Da sich a. nicht mit neuen Fragen zum Mietrecht blicken läßt, springe ich jetzt in die Lücke:

Ein Fall aus der Praxis, leider meiner eigenen: Die Mieterin eines Appartements hat Kündigungsfrist bis zum 31.12.13 und fragt, ob sie vorzeitig aus dem Vertrag entlassen wird, wenn sie einen Nachmieter stellt. Ich bin einverstanden. Die Mietinteressentin besichtigt heute die Wohnung und kommt dann zu mir um den Mietvertrag abzuschließen. Die Dame ist volljährig, nicht erkennbar geisteskrank und hat ihren Lebensgefährten zur Verstärkung dabei. Ich schließe den Vertrag per 1.11.13 und schicke der bisherigen Mieterin eine Mail mit der ich ihr mitteile, dass sie zu diesem Termin aus dem Mietverhältnis entlassen ist.
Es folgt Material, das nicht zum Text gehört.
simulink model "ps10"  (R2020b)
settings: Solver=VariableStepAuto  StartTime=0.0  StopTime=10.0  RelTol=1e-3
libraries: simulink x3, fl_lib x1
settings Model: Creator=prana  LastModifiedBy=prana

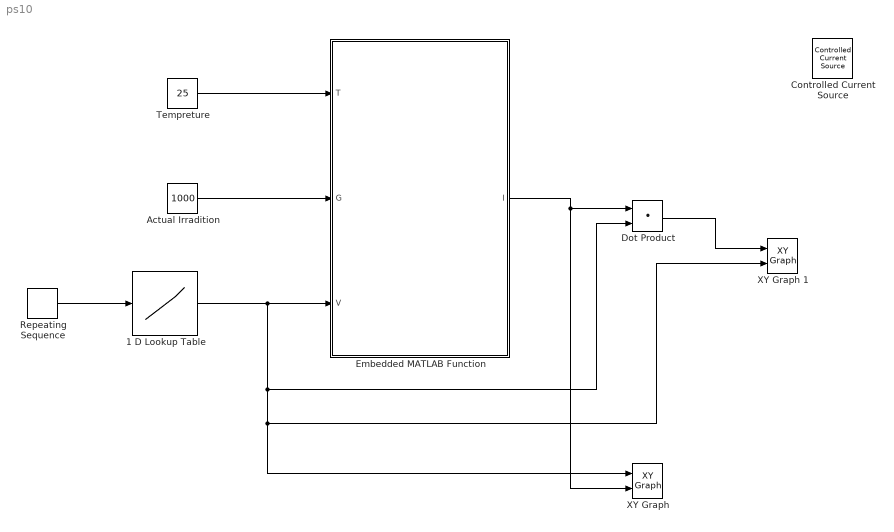
== system ps10 ==
  1 D Lookup Table : Lookup_n-D  NumberOfTableDimensions=1  BreakpointsForDimension1=[-5:5]  Table=tanh([-5:5])  InternalRulePriority=Speed  RndMeth=Simplest  InputSameDT=on
  Actual Irradition : Constant  Value=1000
  Controlled Current Source : fl_lib/Electrical/Electrical Sources/Controlled Current Source
  "Dot Product " : DotProduct  InputSameDT=on  OutDataTypeStr=Inherit: Inherit via internal rule
  Embedded MATLAB Function : MATLAB Function  TreatAsAtomicUnit=on
  "Repeating Sequence " : simulink/Sources/Repeating Sequence  rep_seq_t=[0 2]  rep_seq_y=[0 2]
  Tempreture : Constant  Value=25
  XY Graph : simulink/Sinks/XY Graph  xmin=-1  xmax=1  ymin=-1  ymax=1  st=-1
  XY Graph 1 : simulink/Sinks/XY Graph  xmin=-1  xmax=1  ymin=-1  ymax=1  st=-1
  wires:
  "Repeating Sequence "/1 -> 1 D Lookup Table/1
  Embedded MATLAB Function/1(I) -> XY Graph/2, "Dot Product "/1
  Tempreture/1 -> Embedded MATLAB Function/1(T)
  Actual Irradition/1 -> Embedded MATLAB Function/2(G)
  "Dot Product "/1 -> XY Graph 1/1
  1 D Lookup Table/1 -> XY Graph 1/2, XY Graph/1, "Dot Product "/2, Embedded MATLAB Function/3(V)

== matlab function ps10/Embedded MATLAB Function ==
  data: T input; I output; G input; V input
function I= fcn(T, G, V)
clc;
K = 1.38065e-23;   %boltzman constatnt
q = 1.602e-19      %charge of electron
Iscn = 8.21;       %nominal SC current
Vocn = 32.9;       %nominal OC voltage
Kv = -0.123;       %tempreture voltage const
Ki = 0.0032;       %tempreture current const
Ns = 54;           %no of series connected cells
T = T+273;        %operating temp
Tn = 25+273;       %nominal temp
Gn = 1050;         %nominal Irradiance
a = 1.3;           %diode ideality constant
Eg = 1.12;         %band gap of SI @25deg
%G = 1000;          %actual irradition
Rs = 0.221;
Rp = 415.405;
I=0;
Vtn = Ns*(K*Tn/q);

Ion = Iscn/((exp(Vocn/(a*Vtn)))-1);

Io_part =  ((q*Eg/(a*K))*((1/Tn)-(1/T)));
Io = Ion*((Tn/T)^3)*exp(Io_part);
Ipvn = Iscn;

Ipv = (Ipvn + Ki*(T-Tn))*(G/Gn);

Vt = Ns*(K*T/q);
I_part = Io*(exp((V+(I*Rs))/(Vt*a))-1) + ((V+(Rs*I))/Rp);

I= Ipv - I_part;
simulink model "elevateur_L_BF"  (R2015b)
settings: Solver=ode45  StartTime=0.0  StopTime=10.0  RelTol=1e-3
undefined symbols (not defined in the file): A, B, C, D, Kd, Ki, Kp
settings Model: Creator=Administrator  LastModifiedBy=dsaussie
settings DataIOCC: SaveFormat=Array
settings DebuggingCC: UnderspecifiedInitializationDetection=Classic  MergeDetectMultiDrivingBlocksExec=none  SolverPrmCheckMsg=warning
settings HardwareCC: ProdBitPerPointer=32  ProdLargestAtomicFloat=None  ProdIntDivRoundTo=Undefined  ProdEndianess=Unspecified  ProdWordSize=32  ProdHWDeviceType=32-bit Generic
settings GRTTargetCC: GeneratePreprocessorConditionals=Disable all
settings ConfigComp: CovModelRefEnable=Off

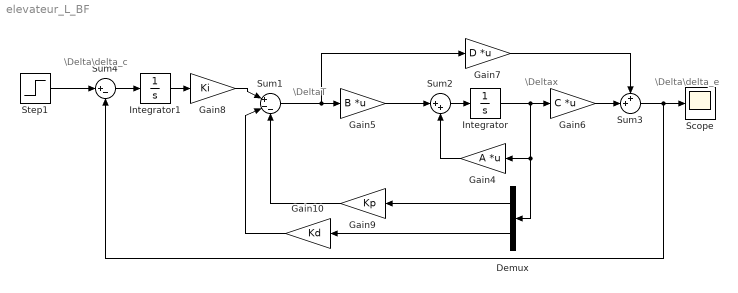
== system elevateur_L_BF ==
  note: \DeltaT
  note: \Deltax
  note: \Delta\delta_e
  note: \Delta\delta_c
  Demux : Demux  Outputs=2
  Gain10 : Gain  Gain=Kd
  Gain4 : Gain  Gain=A  Multiplication=Matrix(K*u)
  Gain5 : Gain  Gain=B  Multiplication=Matrix(K*u)
  Gain6 : Gain  Gain=C  Multiplication=Matrix(K*u)
  Gain7 : Gain  Gain=D  Multiplication=Matrix(K*u)
  Gain8 : Gain  Gain=Ki
  Gain9 : Gain  Gain=Kp
  Integrator : Integrator
  Integrator1 : Integrator
  Scope : Scope
  Step1 : Step  Time=0  SampleTime=0
  Sum1 : Sum  Inputs=|+--
  Sum2 : Sum  Inputs=|++
  Sum3 : Sum  Inputs=++|
  Sum4 : Sum  Inputs=|+-
  wires:
  Sum2/1 -> Integrator/1
  Integrator/1 -> Gain6/1, Demux/1, Gain4/1
  Gain4/1 -> Sum2/2
  Gain5/1 -> Sum2/1
  Sum1/1 -> Gain7/1, Gain5/1
  Gain6/1 -> Sum3/2
  Gain7/1 -> Sum3/1
  Step1/1 -> Sum4/1
  Sum3/1 -> Sum4/2, Scope/1
  Demux/1 -> Gain9/1
  Demux/2 -> Gain10/1
  Gain10/1 -> Sum1/2
  Gain9/1 -> Sum1/3
  Gain8/1 -> Sum1/1
  Integrator1/1 -> Gain8/1
  Sum4/1 -> Integrator1/1
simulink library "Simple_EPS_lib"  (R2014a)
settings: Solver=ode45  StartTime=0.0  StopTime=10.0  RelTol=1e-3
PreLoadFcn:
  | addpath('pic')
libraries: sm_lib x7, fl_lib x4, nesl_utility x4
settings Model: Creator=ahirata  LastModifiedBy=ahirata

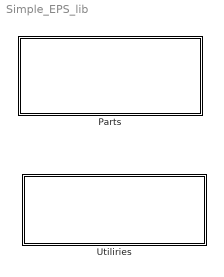
== system Simple_EPS_lib ==
  Parts : Subsystem
  Utiliries : Subsystem

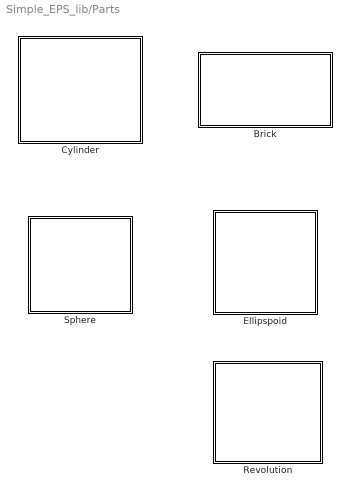
== system Simple_EPS_lib/Parts ==
  Brick : Subsystem  mask{x=300, y=50, z=50, tp=Density, In=1000, color=[1 1 0.2], con_x=None, con_y=None, con_z=None, c_p=off}
      mask prompts: x "X-axis [mm]"; y "Y-axis [mm]"; z "Z-axis [mm]"; tp "Type"; In "Density [kg/m^3] or Mass [kg]"; con_x "Connection X axis"; con_y "Connection Y axis"; con_z "Connection Z axis"; c_p "Center Position"
      mask init:
      | if tp==1
      | set_param([gcb '/Left Rack'],'DensityBased','on');
      | elseif tp==2
      | set_param([gcb '/Left Rack'],'DensityBased','off');
      | end
      | 
      | tp_ch = get_param([gcb '/Left Rack'],'DensityBased');
      | if strcmp(tp_ch,'on')==1
      |     type='Density';    
      | elseif strcmp(tp_ch,'off')==1
      |     type='Mass';
      | end
      |     
      | if con_x ==1
      |     axle_delete('-X','X_offset2')
      |     axle_delete('+X','X_offset1')
      |  elseif con_x ==2   
      |     axle_delete('-X','X_offset2')
      |     axle_add('+X','X_offset1','+','x')
      |  elseif con_x ==3
      |     axle_delete('+X','X_offset1')
      |     axle_add('-X','X_offset2','-','x')
      |  elseif con_x ==4
      |     axle_add('+X','X_offset1','+','x')
      |     axle_add('-X','X_offset2','-','x')
      | end
      | 
      | if con_y ==1
      |     axle_delete('-Y','Y_offset2')
      |     axle_delete('+Y','Y_offset1')
      |  elseif con_y ==2   
      |     axle_delete('-Y','Y_offset2')
      |     axle_add('+Y','Y_offset1','+','y')
      |  elseif con_y ==3
      |     axle_delete('+Y','Y_offset1')
      |     axle_add('-Y','Y_offset2','-','y')
      |  elseif con_y ==4
      |     axle_add('+Y','Y_offset1','+','y')
      |     axle_add('-Y','Y_offset2','-','y')
      | end
      | 
      | if con_z ==1
      |     axle_delete('-Z','Z_offset2')
      |     axle_delete('+Z','Z_offset1')
      |  elseif con_z ==2   
      |     axle_delete('-Z','Z_offset2')
      |     axle_add('+Z','Z_offset1','+','z')
      |  elseif con_z ==3
      |     axle_delete('+Z','Z_offset1')
      |     axle_add('-Z','Z_offset2','-','z')
      |  elseif con_z ==4
      |     axle_add('+Z','Z_offset1','+','z')
      |     axle_add('-Z','Z_offset2','-','z')
      | end
      | 
      | 
      | if c_p ==1
      |     axle_add('CP',[],[],[])
      | 
      | elseif c_p==0
      |     axle_delete('CP',[])
      | end
      mask TypeOptions tp: Density | Mass
      mask TypeOptions con_x: None | + direction | - direction | Both
      mask TypeOptions con_y: None | + direction | - direction | Both
      mask TypeOptions con_z: None | + direction | - direction | Both
      mask DialogControl DescGroupVar Prompt: %<MaskType>Bricks
      mask Display:
      | image('Brick.png');
      | text(0.5,0.5,type);
      | 
      | pc=get_param(gcb,'PortConnectivity');
      | blk=get_param(gcb,'Blocks');
      | 
      | b_n=size(blk,1);
      | n=size(pc,1);
      | blkl_n='';
      | blkr_n='';
      | 
      | for i=1:b_n
      | if strcmp(get_param([gcb '/' blk{i}],'BlockType'),'PMIOPort')==1 ...
      |         && strcmp(get_param([gcb '/' blk{i}],'Side'),'Left')==1
      |     blkl_n=[blkl_n; blk(i)];
      | elseif strcmp(get_param([gcb '/' blk{i}],'BlockType'),'PMIOPort')==1 ...
      |         && strcmp(get_param([gcb '/' blk{i}],'Side'),'Right')==1
      |         blkr_n=[blkr_n; blk(i)];
      | end
      | end
      | 
      | blk_n=[blkl_n; blkr_n];
      | 
      | for i=1:n
      |      pc(i).name=char(blk_n(i));
      |      port_label(pc(i).Type(1:5),str2num(pc(i).Type(6)),pc(i).name);
      | end
  Cylinder : Subsystem  mask{rd=300, lg=500, tp=Density, In=1000, color=[0 1 1], con_x=None, con_y=None, con_z=None, c_p=off}
      mask prompts: rd "Radius [mm]"; lg "Length [mm]"; tp "Type"; In "Density [kg/m^3] or Mass [kg]"; con_x "Connection X axis"; con_y "Connection Y axis"; con_z "Connection Z axis"; c_p "Center Position"
      mask init:
      | if tp==1
      | set_param([gcb '/Left Rack'],'DensityBased','on');
      | elseif tp==2
      | set_param([gcb '/Left Rack'],'DensityBased','off');
      | end
      | 
      | tp_ch = get_param([gcb '/Left Rack'],'DensityBased');
      | if strcmp(tp_ch,'on')==1
      |     type='Density';    
      | elseif strcmp(tp_ch,'off')==1
      |     type='Mass';
      | end
      |     
      | if con_x ==1
      |     axle_delete('-X','X_offset2')
      |     axle_delete('+X','X_offset1')
      |  elseif con_x ==2   
      |     axle_delete('-X','X_offset2')
      |     axle_add_c('+X','X_offset1','+','x')
      |  elseif con_x ==3
      |     axle_delete('+X','X_offset1')
      |     axle_add_c('-X','X_offset2','-','x')
      |  elseif con_x ==4
      |     axle_add_c('+X','X_offset1','+','x')
      |     axle_add_c('-X','X_offset2','-','x')
      | end
      | 
      | if con_y ==1
      |     axle_delete('-Y','Y_offset2')
      |     axle_delete('+Y','Y_offset1')
      |  elseif con_y ==2   
      |     axle_delete('-Y','Y_offset2')
      |     axle_add_c('+Y','Y_offset1','+','y')
      |  elseif con_y ==3
      |     axle_delete('+Y','Y_offset1')
      |     axle_add_c('-Y','Y_offset2','-','y')
      |  elseif con_y ==4
      |     axle_add_c('+Y','Y_offset1','+','y')
      |     axle_add_c('-Y','Y_offset2','-','y')
      | end
      | 
      | if con_z ==1
      |     axle_delete('-Z','Z_offset2')
      |     axle_delete('+Z','Z_offset1')
      |  elseif con_z ==2   
      |     axle_delete('-Z','Z_offset2')
      |     axle_add_c('+Z','Z_offset1','+','z')
      |  elseif con_z ==3
      |     axle_delete('+Z','Z_offset1')
      |     axle_add_c('-Z','Z_offset2','-','z')
      |  elseif con_z ==4
      |     axle_add_c('+Z','Z_offset1','+','z')
      |     axle_add_c('-Z','Z_offset2','-','z')
      | end
      | 
      | 
      | if c_p ==1
      |     axle_add_c('CP',[],[],[])
      | 
      | elseif c_p==0
      |     axle_delete('CP',[])
      | end
      mask TypeOptions tp: Density | Mass
      mask TypeOptions con_x: None | + direction | - direction | Both
      mask TypeOptions con_y: None | + direction | - direction | Both
      mask TypeOptions con_z: None | + direction | - direction | Both
      mask DialogControl DescGroupVar Prompt: %<MaskType>Bricks
      mask Display:
      | image('Cylinder-longitudinal.png')
      | text(0.5,0.5,type);
      | 
      | pc=get_param(gcb,'PortConnectivity');
      | blk=get_param(gcb,'Blocks');
      | 
      | b_n=size(blk,1);
      | n=size(pc,1);
      | blkl_n='';
      | blkr_n='';
      | 
      | for i=1:b_n
      | if strcmp(get_param([gcb '/' blk{i}],'BlockType'),'PMIOPort')==1 ...
      |         && strcmp(get_param([gcb '/' blk{i}],'Side'),'Left')==1
      |     blkl_n=[blkl_n; blk(i)];
      | elseif strcmp(get_param([gcb '/' blk{i}],'BlockType'),'PMIOPort')==1 ...
      |         && strcmp(get_param([gcb '/' blk{i}],'Side'),'Right')==1
      |         blkr_n=[blkr_n; blk(i)];
      | end
      | end
      | 
      | blk_n=[blkl_n; blkr_n];
      | 
      | for i=1:n
      |      pc(i).name=char(blk_n(i));
      |      port_label(pc(i).Type(1:5),str2num(pc(i).Type(6)),pc(i).name);
      | end
  Ellipspoid : Subsystem  mask{x=300, y=100, z=200, tp=Density, In=1000, color=[0 1 0], con_x=None, con_y=None, con_z=None, c_p=off}
      mask prompts: x "X-radius [mm]"; y "Y-radius [mm]"; z "Z-radius [mm]"; tp "Type"; In "Density [kg/m^3] or Mass [kg]"; con_x "Connection X axis"; con_y "Connection Y axis"; con_z "Connection Z axis"; c_p "Center Position"
      mask init:
      | if tp==1
      | set_param([gcb '/Left Rack'],'DensityBased','on');
      | elseif tp==2
      | set_param([gcb '/Left Rack'],'DensityBased','off');
      | end
      | 
      | tp_ch = get_param([gcb '/Left Rack'],'DensityBased');
      | if strcmp(tp_ch,'on')==1
      |     type='Density';    
      | elseif strcmp(tp_ch,'off')==1
      |     type='Mass';
      | end
      |     
      | if con_x ==1
      |     axle_delete('-X','X_offset2')
      |     axle_delete('+X','X_offset1')
      |  elseif con_x ==2   
      |     axle_delete('-X','X_offset2')
      |     axle_add_el('+X','X_offset1','+','x')
      |  elseif con_x ==3
      |     axle_delete('+X','X_offset1')
      |     axle_add_el('-X','X_offset2','-','x')
      |  elseif con_x ==4
      |     axle_add_el('+X','X_offset1','+','x')
      |     axle_add_el('-X','X_offset2','-','x')
      | end
      | 
      | if con_y ==1
      |     axle_delete('-Y','Y_offset2')
      |     axle_delete('+Y','Y_offset1')
      |  elseif con_y ==2   
      |     axle_delete('-Y','Y_offset2')
      |     axle_add_el('+Y','Y_offset1','+','y')
      |  elseif con_y ==3
      |     axle_delete('+Y','Y_offset1')
      |     axle_add_el('-Y','Y_offset2','-','y')
      |  elseif con_y ==4
      |     axle_add_el('+Y','Y_offset1','+','y')
      |     axle_add_el('-Y','Y_offset2','-','y')
      | end
      | 
      | if con_z ==1
      |     axle_delete('-Z','Z_offset2')
      |     axle_delete('+Z','Z_offset1')
      |  elseif con_z ==2   
      |     axle_delete('-Z','Z_offset2')
      |     axle_add_el('+Z','Z_offset1','+','z')
      |  elseif con_z ==3
      |     axle_delete('+Z','Z_offset1')
      |     axle_add_el('-Z','Z_offset2','-','z')
      |  elseif con_z ==4
      |     axle_add_el('+Z','Z_offset1','+','z')
      |     axle_add_el('-Z','Z_offset2','-','z')
      | end
      | 
      | 
      | if c_p ==1
      |     axle_add_el('CP',[],[],[])
      | 
      | elseif c_p==0
      |     axle_delete('CP',[])
      | end
      mask TypeOptions tp: Density | Mass
      mask TypeOptions con_x: None | + direction | - direction | Both
      mask TypeOptions con_y: None | + direction | - direction | Both
      mask TypeOptions con_z: None | + direction | - direction | Both
      mask DialogControl DescGroupVar Prompt: %<MaskType>Bricks
      mask Display:
      | image('Ellipsoid.png');
      | 
      | text(0.5,0.5,type);
      | 
      | pc=get_param(gcb,'PortConnectivity');
      | blk=get_param(gcb,'Blocks');
      | 
      | b_n=size(blk,1);
      | n=size(pc,1);
      | blkl_n='';
      | blkr_n='';
      | 
      | for i=1:b_n
      | if strcmp(get_param([gcb '/' blk{i}],'BlockType'),'PMIOPort')==1 ...
      |         && strcmp(get_param([gcb '/' blk{i}],'Side'),'Left')==1
      |     blkl_n=[blkl_n; blk(i)];
      | elseif strcmp(get_param([gcb '/' blk{i}],'BlockType'),'PMIOPort')==1 ...
      |         && strcmp(get_param([gcb '/' blk{i}],'Side'),'Right')==1
      |         blkr_n=[blkr_n; blk(i)];
      | end
      | end
      | 
      | blk_n=[blkl_n; blkr_n];
      | 
      | for i=1:n
      |      pc(i).name=char(blk_n(i));
      |      port_label(pc(i).Type(1:5),str2num(pc(i).Type(6)),pc(i).name);
      | end
  Revolution : Subsystem  mask{rd=50, rd_in=30, lg=100, tp=Density, In=1000, color=[1 0 0], con_x=None, con_y=None, con_z=None, c_p=off}
      mask prompts: rd "Radius [mm]"; rd_in "Bore [mm]"; lg "Lenngth [mm]"; tp "Type"; In "Density [kg/m^3] or Mass [kg]"; con_x "Connection X axis"; con_y "Connection Y axis"; con_z "Connection Z axis"; c_p "Center Position"
      mask init: same as Simple_EPS_lib/Parts/Cylinder
      mask TypeOptions tp: Density | Mass
      mask TypeOptions con_x: None | + direction | - direction | Both
      mask TypeOptions con_y: None | + direction | - direction | Both
      mask TypeOptions con_z: None | + direction | - direction | Both
      mask DialogControl DescGroupVar Prompt: %<MaskType>Bricks
      mask Display:
      | image('rote.png')
      | text(0.5,0.5,type);
      | 
      | pc=get_param(gcb,'PortConnectivity');
      | blk=get_param(gcb,'Blocks');
      | 
      | b_n=size(blk,1);
      | n=size(pc,1);
      | blkl_n='';
      | blkr_n='';
      | 
      | for i=1:b_n
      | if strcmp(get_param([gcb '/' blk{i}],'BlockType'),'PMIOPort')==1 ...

Einige Stunden später meldet sich die neue Mieterin mit dem Ansinnen, aus dem Vertrag entlassen zu werden weil sie sich voreilig entschieden habe. Ich habe das abgelehnt und sie auf die Kündigung verwiesen, nicht ohne zum Trost auf die Möglichkeit einer Ersatzmietergestellung hinzuweisen.

Und jetzt die Frage: Bis 1.11. ist noch so viel Zeit, dass die Wohnung neu vermietet werden könnte. Ich habe ohnehin schon angekündigt, die Kosten für die Vertragsformulare erstattet bekommen zu wollen.Das sind aber nur 6 Euro. Mich wurmt, dass ich eine Stunde Lebenszeit für die Vertragserstellung kostenlos opfern soll. Ich wollte mal 50 Euro als Pauschale verlangen.

Was meint Ihr: Zu viel, zu wenig, gerade richtig? Wer hat so was auch schon mal erlebt und kann konkrete Zahlen nennen?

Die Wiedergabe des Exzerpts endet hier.